Capital: Dividend Investing vs. Selling Products

Dividend investing is the lowest-maintenance leverage ladder I can think of. Let’s say I buy $1,000 worth of a dividend fund with a high yield, like 9%. I click a button that automatically reinvests that money back into the fund. Next year, I’m collecting dividends on $1,090 instead. And on and on it goes.

Freelancing, or self-employment in general, is a famously feast-or-famine proposition. To mitigate this problem, a lot of freelancers create digital products and sell them, ideally creating passive income. Earn $5,000 to $10,000 a year passively and you’ve got something of an income moat.

The problem with selling products is that your media reach might not be where it needs to be. My audience, for example, is relatively small; if I sold a $100 product, maybe I’d get an occasional purchase. And yeah, it’s a lever because I wouldn’t have to work hard after the initial set-up phase.

The problem is that the initial set-up phase might not be worth it. Dividend investing, however, is a side hustle with almost completely predictable results. I know if I put XYZ capital into ABC fund, I can expect ~5-10% growth. As opposed to building a product I could sell, those dividends go up almost every quarter because of reinvestment. All of this without me having to do anything. To me that’s a superior lever.

Software: SaaS and AI

There’s no shortage of software you can acquire today that will extend your leverage:

  • Collective is an all-in-one finance platform for freelancers
  • Beehiiv is a newsletter platform
  • So is Ghost
  • Testimonial helps you collect testimonials from customers and clients
  • Tella TV lets you record videos and lectures for repeatable products
  • Grammarly in your Google Docs automatically edits for you
  • Harlow is an all-in-one freelance platform
  • I’ve seen freelancers use Authory for their portfolio
  • I use Hypefury to schedule and optimize my twitter publishingQuillbot paraphrases lengthy research for quick digestion

AI is another hot topic and such a powerful lever that many writers fear it will replace us one day. For now, I think a healthy approach is for writers to use it, learn how to manage it, hedge against the possibility that we may become “AI Writer Editors” some day, and otherwise keep trying to beat it with our human brains.

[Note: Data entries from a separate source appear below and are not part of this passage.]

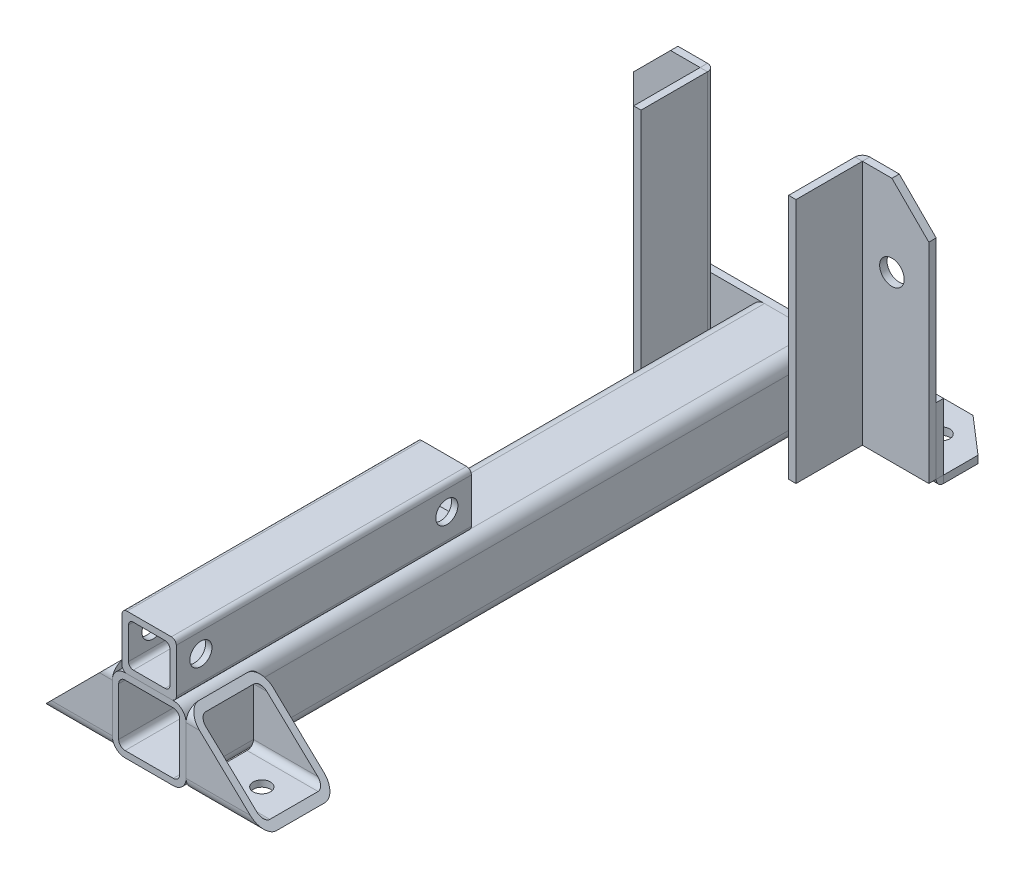
from build123d import *

# Parameters (mm, degrees)
SQUARE_TUBE_30_X_30_X_2_6_1_DEPTH   = 260
SQUARE_TUBE_30_X_30_X_2_6_1_2_DEPTH = 120
SKETCH2_R                           = 4.5
CUT_EXTRUDE1_DEPTH                  = 69
SQUARE_TUBE_30_X_30_X_2_6_4_DEPTH   = 30
CUT_EXTRUDE2_DEPTH                  = 69
SQUARE_TUBE_30_X_30_X_2_6_5_DEPTH   = 31.609427342
CUT_EXTRUDE3_DEPTH                  = 69
SKETCH19_R                          = 3.5
CUT_EXTRUDE6_DEPTH                  = 69
BASE_FLANGE4_START                  = -75
BASE_FLANGE4_DEPTH                  = 120
CUT_EXTRUDE7_DEPTH                  = 69
CUT_EXTRUDE7_DEPTH_BACK             = 302.577519056
SKETCH38_R                          = 3.5
BASE_FLANGE5_START                  = -27
BASE_FLANGE5_DEPTH                  = 100
BASE_FLANGE8_DEPTH                  = 100
SKETCH56_R                          = 5
CUT_EXTRUDE9_DEPTH                  = 69
CUT_EXTRUDE10_DEPTH                 = 69
CHAMFER2_SIZE                       = 15
SKETCH63_R                          = 5
CUT_EXTRUDE11_DEPTH                 = 69
SKETCH64_W                          = 22.06
SKETCH64_H                          = 22.06
SKETCH64_W_2                        = 16.86
SKETCH64_H_2                        = 16.86
BOSS_EXTRUDE1_DEPTH                 = 120
FILLET2_R                           = 2
FILLET3_R                           = 2
SKETCH65_R                          = 4.5
CUT_EXTRUDE12_DEPTH                 = 120


# Read off the part's stored shape, not the designer's step: Base-Flange4, Base-Flange5, Base-Flange8
with BuildPart() as part:
    # Sketch1 → Square tube 30 X 30 X 2.6(1) (new body)
    with BuildSketch(Plane(origin=(0, 0, 0), x_dir=(1, 0, 0), z_dir=(0, 0, -1))):
        with BuildLine():
            Line((-9.8, -15), (9.8, -15))
            ThreePointArc((9.8, -15), (13.476955262, -13.476955262), (15, -9.8))
            Line((15, -9.8), (15, 9.8))
            ThreePointArc((15, 9.8), (13.476955262, 13.476955262), (9.8, 15))
            Line((9.8, 15), (-9.8, 15))
            ThreePointArc((-9.8, 15), (-13.476955262, 13.476955262), (-15, 9.8))
            Line((-15, 9.8), (-15, -9.8))
            ThreePointArc((-15, -9.8), (-13.476955262, -13.476955262), (-9.8, -15))
        make_face()
        with BuildLine():
            Line((-9.8, -12.4), (9.8, -12.4))
            ThreePointArc((9.8, -12.4), (11.638477631, -11.638477631), (12.4, -9.8))
            Line((12.4, -9.8), (12.4, 9.8))
            ThreePointArc((12.4, 9.8), (11.638477631, 11.638477631), (9.8, 12.4))
            Line((9.8, 12.4), (-9.8, 12.4))
            ThreePointArc((-9.8, 12.4), (-11.638477631, 11.638477631), (-12.4, 9.8))
            Line((-12.4, 9.8), (-12.4, -9.8))
            ThreePointArc((-12.4, -9.8), (-11.638477631, -11.638477631), (-9.8, -12.4))
        make_face(mode=Mode.SUBTRACT)
    extrude(amount=SQUARE_TUBE_30_X_30_X_2_6_1_DEPTH)


with BuildPart() as body_2:
    # Sketch1 on segment 2 (carried to segment 2) → Square tube 30 X 30 X 2.6_1 2 (new body)
    with BuildSketch(Plane(origin=(0, 30, 0), x_dir=(1, 0, 0), z_dir=(0, 0, -1))):
        with BuildLine():
            Line((-9.8, -15), (9.8, -15))
            ThreePointArc((9.8, -15), (13.476955262, -13.476955262), (15, -9.8))
            Line((15, -9.8), (15, 9.8))
            ThreePointArc((15, 9.8), (13.476955262, 13.476955262), (9.8, 15))
            Line((9.8, 15), (-9.8, 15))
            ThreePointArc((-9.8, 15), (-13.476955262, 13.476955262), (-15, 9.8))
            Line((-15, 9.8), (-15, -9.8))
            ThreePointArc((-15, -9.8), (-13.476955262, -13.476955262), (-9.8, -15))
        make_face()
        with BuildLine():
            Line((-9.8, -12.4), (9.8, -12.4))
            ThreePointArc((9.8, -12.4), (11.638477631, -11.638477631), (12.4, -9.8))
            Line((12.4, -9.8), (12.4, 9.8))
            ThreePointArc((12.4, 9.8), (11.638477631, 11.638477631), (9.8, 12.4))
            Line((9.8, 12.4), (-9.8, 12.4))
            ThreePointArc((-9.8, 12.4), (-11.638477631, 11.638477631), (-12.4, 9.8))
            Line((-12.4, 9.8), (-12.4, -9.8))
            ThreePointArc((-12.4, -9.8), (-11.638477631, -11.638477631), (-9.8, -12.4))
        make_face(mode=Mode.SUBTRACT)
    extrude(amount=SQUARE_TUBE_30_X_30_X_2_6_1_2_DEPTH)

    # Sketch2 → Cut-Extrude1 (cut)
    with BuildSketch(Plane.ZY.offset(15)):
        with Locations((-110, 35)):
            Circle(SKETCH2_R)
        with Locations((-10, 35)):
            Circle(SKETCH2_R)
    extrude(amount=-CUT_EXTRUDE1_DEPTH, mode=Mode.SUBTRACT)


with BuildPart() as body_3:
    # Sketch11 → Square tube 30 X 30 X 2.6(4) (new body)
    with BuildSketch(Plane(origin=(-15, 0, -15), x_dir=(0, 0, 1), z_dir=(-1, 0, 0))):
        with BuildLine():
            Line((-9.8, -15), (9.8, -15))
            ThreePointArc((9.8, -15), (13.476955262, -13.476955262), (15, -9.8))
            Line((15, -9.8), (15, 9.8))
            ThreePointArc((15, 9.8), (13.476955262, 13.476955262), (9.8, 15))
            Line((9.8, 15), (-9.8, 15))
            ThreePointArc((-9.8, 15), (-13.476955262, 13.476955262), (-15, 9.8))
            Line((-15, 9.8), (-15, -9.8))
            ThreePointArc((-15, -9.8), (-13.476955262, -13.476955262), (-9.8, -15))
        make_face()
        with BuildLine():
            Line((-9.8, -12.4), (9.8, -12.4))
            ThreePointArc((9.8, -12.4), (11.638477631, -11.638477631), (12.4, -9.8))
            Line((12.4, -9.8), (12.4, 9.8))
            ThreePointArc((12.4, 9.8), (11.638477631, 11.638477631), (9.8, 12.4))
            Line((9.8, 12.4), (-9.8, 12.4))
            ThreePointArc((-9.8, 12.4), (-11.638477631, 11.638477631), (-12.4, 9.8))
            Line((-12.4, 9.8), (-12.4, -9.8))
            ThreePointArc((-12.4, -9.8), (-11.638477631, -11.638477631), (-9.8, -12.4))
        make_face(mode=Mode.SUBTRACT)
    extrude(amount=SQUARE_TUBE_30_X_30_X_2_6_4_DEPTH)

    # Sketch15 → Cut-Extrude2 (cut)
    with BuildSketch(Plane.XY):
        Polygon((-15, 15), (-45, -15), (-45, 15), align=None)
    extrude(amount=-CUT_EXTRUDE2_DEPTH, mode=Mode.SUBTRACT)


with BuildPart() as body_4:
    # Sketch12 → Square tube 30 X 30 X 2.6(5) (new body)
    with BuildSketch(Plane(origin=(15, 0, -15), x_dir=(0, 0, -1), z_dir=(1, 0, 0))):
        with BuildLine():
            Line((-9.8, -15), (9.8, -15))
            ThreePointArc((9.8, -15), (13.476955262, -13.476955262), (15, -9.8))
            Line((15, -9.8), (15, 9.8))
            ThreePointArc((15, 9.8), (13.476955262, 13.476955262), (9.8, 15))
            Line((9.8, 15), (-9.8, 15))
            ThreePointArc((-9.8, 15), (-13.476955262, 13.476955262), (-15, 9.8))
            Line((-15, 9.8), (-15, -9.8))
            ThreePointArc((-15, -9.8), (-13.476955262, -13.476955262), (-9.8, -15))
        make_face()
        with BuildLine():
            Line((-9.8, -12.4), (9.8, -12.4))
            ThreePointArc((9.8, -12.4), (11.638477631, -11.638477631), (12.4, -9.8))
            Line((12.4, -9.8), (12.4, 9.8))
            ThreePointArc((12.4, 9.8), (11.638477631, 11.638477631), (9.8, 12.4))
            Line((9.8, 12.4), (-9.8, 12.4))
            ThreePointArc((-9.8, 12.4), (-11.638477631, 11.638477631), (-12.4, 9.8))
            Line((-12.4, 9.8), (-12.4, -9.8))
            ThreePointArc((-12.4, -9.8), (-11.638477631, -11.638477631), (-9.8, -12.4))
        make_face(mode=Mode.SUBTRACT)
    extrude(amount=SQUARE_TUBE_30_X_30_X_2_6_5_DEPTH)

    # Sketch16 → Cut-Extrude3 (cut)
    with BuildSketch(Plane.XY):
        Polygon((46.609427342, -15), (46.609427342, 15), (15, 15), align=None)
    extrude(amount=-CUT_EXTRUDE3_DEPTH, mode=Mode.SUBTRACT)


with BuildPart() as cut_extrude6_tool:
    # Sketch19 → Cut-Extrude6 (new body)
    with BuildSketch(Plane(origin=(0, -9.8, 0), x_dir=(-1, 0, 0), z_dir=(0, -1, 0))):
        with Locations((30, 15)):
            Circle(SKETCH19_R)
        with Locations((-30.804713671, 15)):
            Circle(SKETCH19_R)
    extrude(amount=CUT_EXTRUDE6_DEPTH)


with BuildPart() as body_3_1:
    add(body_3.part)

    # Cut-Extrude6: cut by cut_extrude6_tool
    add(cut_extrude6_tool.part, mode=Mode.SUBTRACT)


with BuildPart() as body_4_1:
    add(body_4.part)

    # Cut-Extrude6: cut by cut_extrude6_tool
    add(cut_extrude6_tool.part, mode=Mode.SUBTRACT)


with BuildPart() as body_5:
    # Base-Flange4 outline → Base-Flange4 (new body)
    with BuildSketch(Plane.ZY.offset(15).offset(BASE_FLANGE4_START)):
        with BuildLine():
            Line((-263, -12), (-290, -12))
            Line((-290, -12), (-290, -15))
            Line((-290, -15), (-263, -15))
            ThreePointArc((-263, -15), (-260.878679656, -14.121320344), (-260, -12))
            Line((-260, -12), (-260, 15))
            Line((-260, 15), (-263, 15))
            Line((-263, 15), (-263, -12))
        make_face()
    extrude(amount=BASE_FLANGE4_DEPTH)

    # Sketch38 → Cut-Extrude7 (cut, two sides: drawn at the far end of the back side and taken through both)
    with BuildSketch(Plane(origin=(0, -12, 0), x_dir=(1, 0, 0), z_dir=(0, 1, 0)).offset(-CUT_EXTRUDE7_DEPTH_BACK)):
        with Locations(Location((45, 277, 0), (0, 0, 270))):
            Circle(SKETCH38_R)
        with Locations(Location((-45, 277, 0), (0, 0, 270))):
            Circle(SKETCH38_R)
        Polygon((60, 277), (45, 290), (60, 290), align=None)
        Polygon((-60, 277), (-45, 290), (-60, 290), align=None)
    extrude(amount=CUT_EXTRUDE7_DEPTH + CUT_EXTRUDE7_DEPTH_BACK, mode=Mode.SUBTRACT)


with BuildPart() as body_6:
    # Base-Flange5 outline → Base-Flange5 (new body)
    with BuildSketch(Plane(origin=(0, 15, 0), x_dir=(1, 0, 0), z_dir=(0, 1, 0)).offset(BASE_FLANGE5_START)):
        with BuildLine():
            Line((-60, 257), (-33, 257))
            Line((-33, 257), (-33, 230))
            Line((-33, 230), (-30, 230))
            Line((-30, 230), (-30, 257))
            ThreePointArc((-30, 257), (-30.878679656, 259.121320344), (-33, 260))
            Line((-33, 260), (-60, 260))
            Line((-60, 260), (-60, 257))
        make_face()
    extrude(amount=BASE_FLANGE5_DEPTH)

    # Sketch56 → Cut-Extrude9 (cut)
    with BuildSketch(Plane(origin=(0, 0, -260), x_dir=(-1, 0, 0), z_dir=(0, 0, -1))):
        with Locations((45, 54.89)):
            Circle(SKETCH56_R)
    extrude(amount=-CUT_EXTRUDE9_DEPTH, mode=Mode.SUBTRACT)

    # Sketch62 → Cut-Extrude10 (cut)
    with BuildSketch(Plane(origin=(0, 0, -260), x_dir=(-1, 0, 0), z_dir=(0, 0, -1))):
        Polygon((45, 88), (60, 73), (60, 88), align=None)
    extrude(amount=-CUT_EXTRUDE10_DEPTH, mode=Mode.SUBTRACT)


with BuildPart() as body_7:
    # Base-Flange8 outline → Base-Flange8 (new body)
    with BuildSketch(Plane(origin=(0, -12, 0), x_dir=(1, 0, 0), z_dir=(0, 1, 0))):
        with BuildLine():
            Line((30, 257), (30, 230))
            Line((30, 230), (33, 230))
            Line((33, 230), (33, 257))
            Line((33, 257), (60, 257))
            Line((60, 257), (60, 260))
            Line((60, 260), (33, 260))
            ThreePointArc((33, 260), (30.878679656, 259.121320344), (30, 257))
        make_face()
    extrude(amount=BASE_FLANGE8_DEPTH)

    # Chamfer2
    chamfer2_edges = [body_7.edges().sort_by_distance(p)[0] for p in [
        (60, 88, -258.5),
    ]]
    chamfer(chamfer2_edges, length=CHAMFER2_SIZE)

    # Sketch63 → Cut-Extrude11 (cut)
    with BuildSketch(Plane(origin=(0, 0, -260), x_dir=(-1, 0, 0), z_dir=(0, 0, -1))):
        with Locations((-45, 54.89)):
            Circle(SKETCH63_R)
    extrude(amount=-CUT_EXTRUDE11_DEPTH, mode=Mode.SUBTRACT)


with BuildPart() as body_7_2:
    # Sketch64 → Boss-Extrude1 (new body)
    with BuildSketch(Plane.XY):
        with Locations((0, 26.03)):
            Rectangle(SKETCH64_W, SKETCH64_H)
        with Locations((0, 26.03)):
            Rectangle(SKETCH64_W_2, SKETCH64_H_2, mode=Mode.SUBTRACT)
    extrude(amount=-BOSS_EXTRUDE1_DEPTH)

    # Fillet2
    fillet2_edges = [body_7_2.edges().sort_by_distance(p)[0] for p in [
        (-11.03, 37.06, -60),
        (11.03, 37.06, -60),
        (11.03, 15, -60),
        (-11.03, 15, -60),
    ]]
    fillet(fillet2_edges, radius=FILLET2_R)

    # Fillet3
    fillet3_edges = [body_7_2.edges().sort_by_distance(p)[0] for p in [
        (-8.43, 17.6, -60),
        (-8.43, 34.46, -60),
        (8.43, 34.46, -60),
        (8.43, 17.6, -60),
    ]]
    fillet(fillet3_edges, radius=FILLET3_R)

    # Sketch65 → Cut-Extrude12 (cut)
    with BuildSketch(Plane(origin=(11.03, 0, 0), x_dir=(0, 0, -1), z_dir=(1, 0, 0))):
        with Locations((110, 27.06)):
            Circle(SKETCH65_R)
        with Locations((10, 27.06)):
            Circle(SKETCH65_R)
    extrude(amount=-CUT_EXTRUDE12_DEPTH, mode=Mode.SUBTRACT)


solid = Compound([part.part, body_3_1.part, body_4_1.part, body_5.part, body_6.part, body_7.part, body_7_2.part])

Labor: Virtual Assistants, Ghostwriters, and Agencies

I hired a virtual assistant last month. My experience with virtual assistants before this hasn’t been great. It takes a while to onboard them and get them to figure out how to help me. Sometimes I don’t even know what tasks to assign. It often feels like I’m paying money just to train someone with no guarantee it will really help my freelancing business in the long run. The idea—to spend money so I spend less time with menial tasks—is caught up in the bottleneck of onboarding, requiring that I spend more time working. And paying money for the privilege of it.

But this time I’m sticking with the process. And you know what? It’s kind of working. I’ve outsourced a process or two that I would usually handle myself. Last week, I hit my productivity goal without feeling burned out or stressed.

Some freelance writers have enough growth that it’s time to subcontract ghostwriters or even hire them full-time to build agencies. And while “labor” is technically the oldest form of leverage in the book (not as efficient or snazzy as, say, creating an app that a million people download), it still works. You can accomplish more with a team.

Turn the First Gear

Amazon was a success story because Jeff Bezos discovered a hole in the Internet: no one was good at selling books online yet. He hammered away at that lever—sometimes doing the packing and driving down to the UPS store himself, along with his then-wife, MacKenzie—until he could add more to the Everything Store.

They say the path to success isn’t linear. And that’s true. Sometimes, all you can do is pick up the levers you see on the ground and use them to lift the next lever. Do that enough, and you have a gear. Maybe that first gear won’t move the needle much. But if you use it to turn a second gear…things eventually turn magical.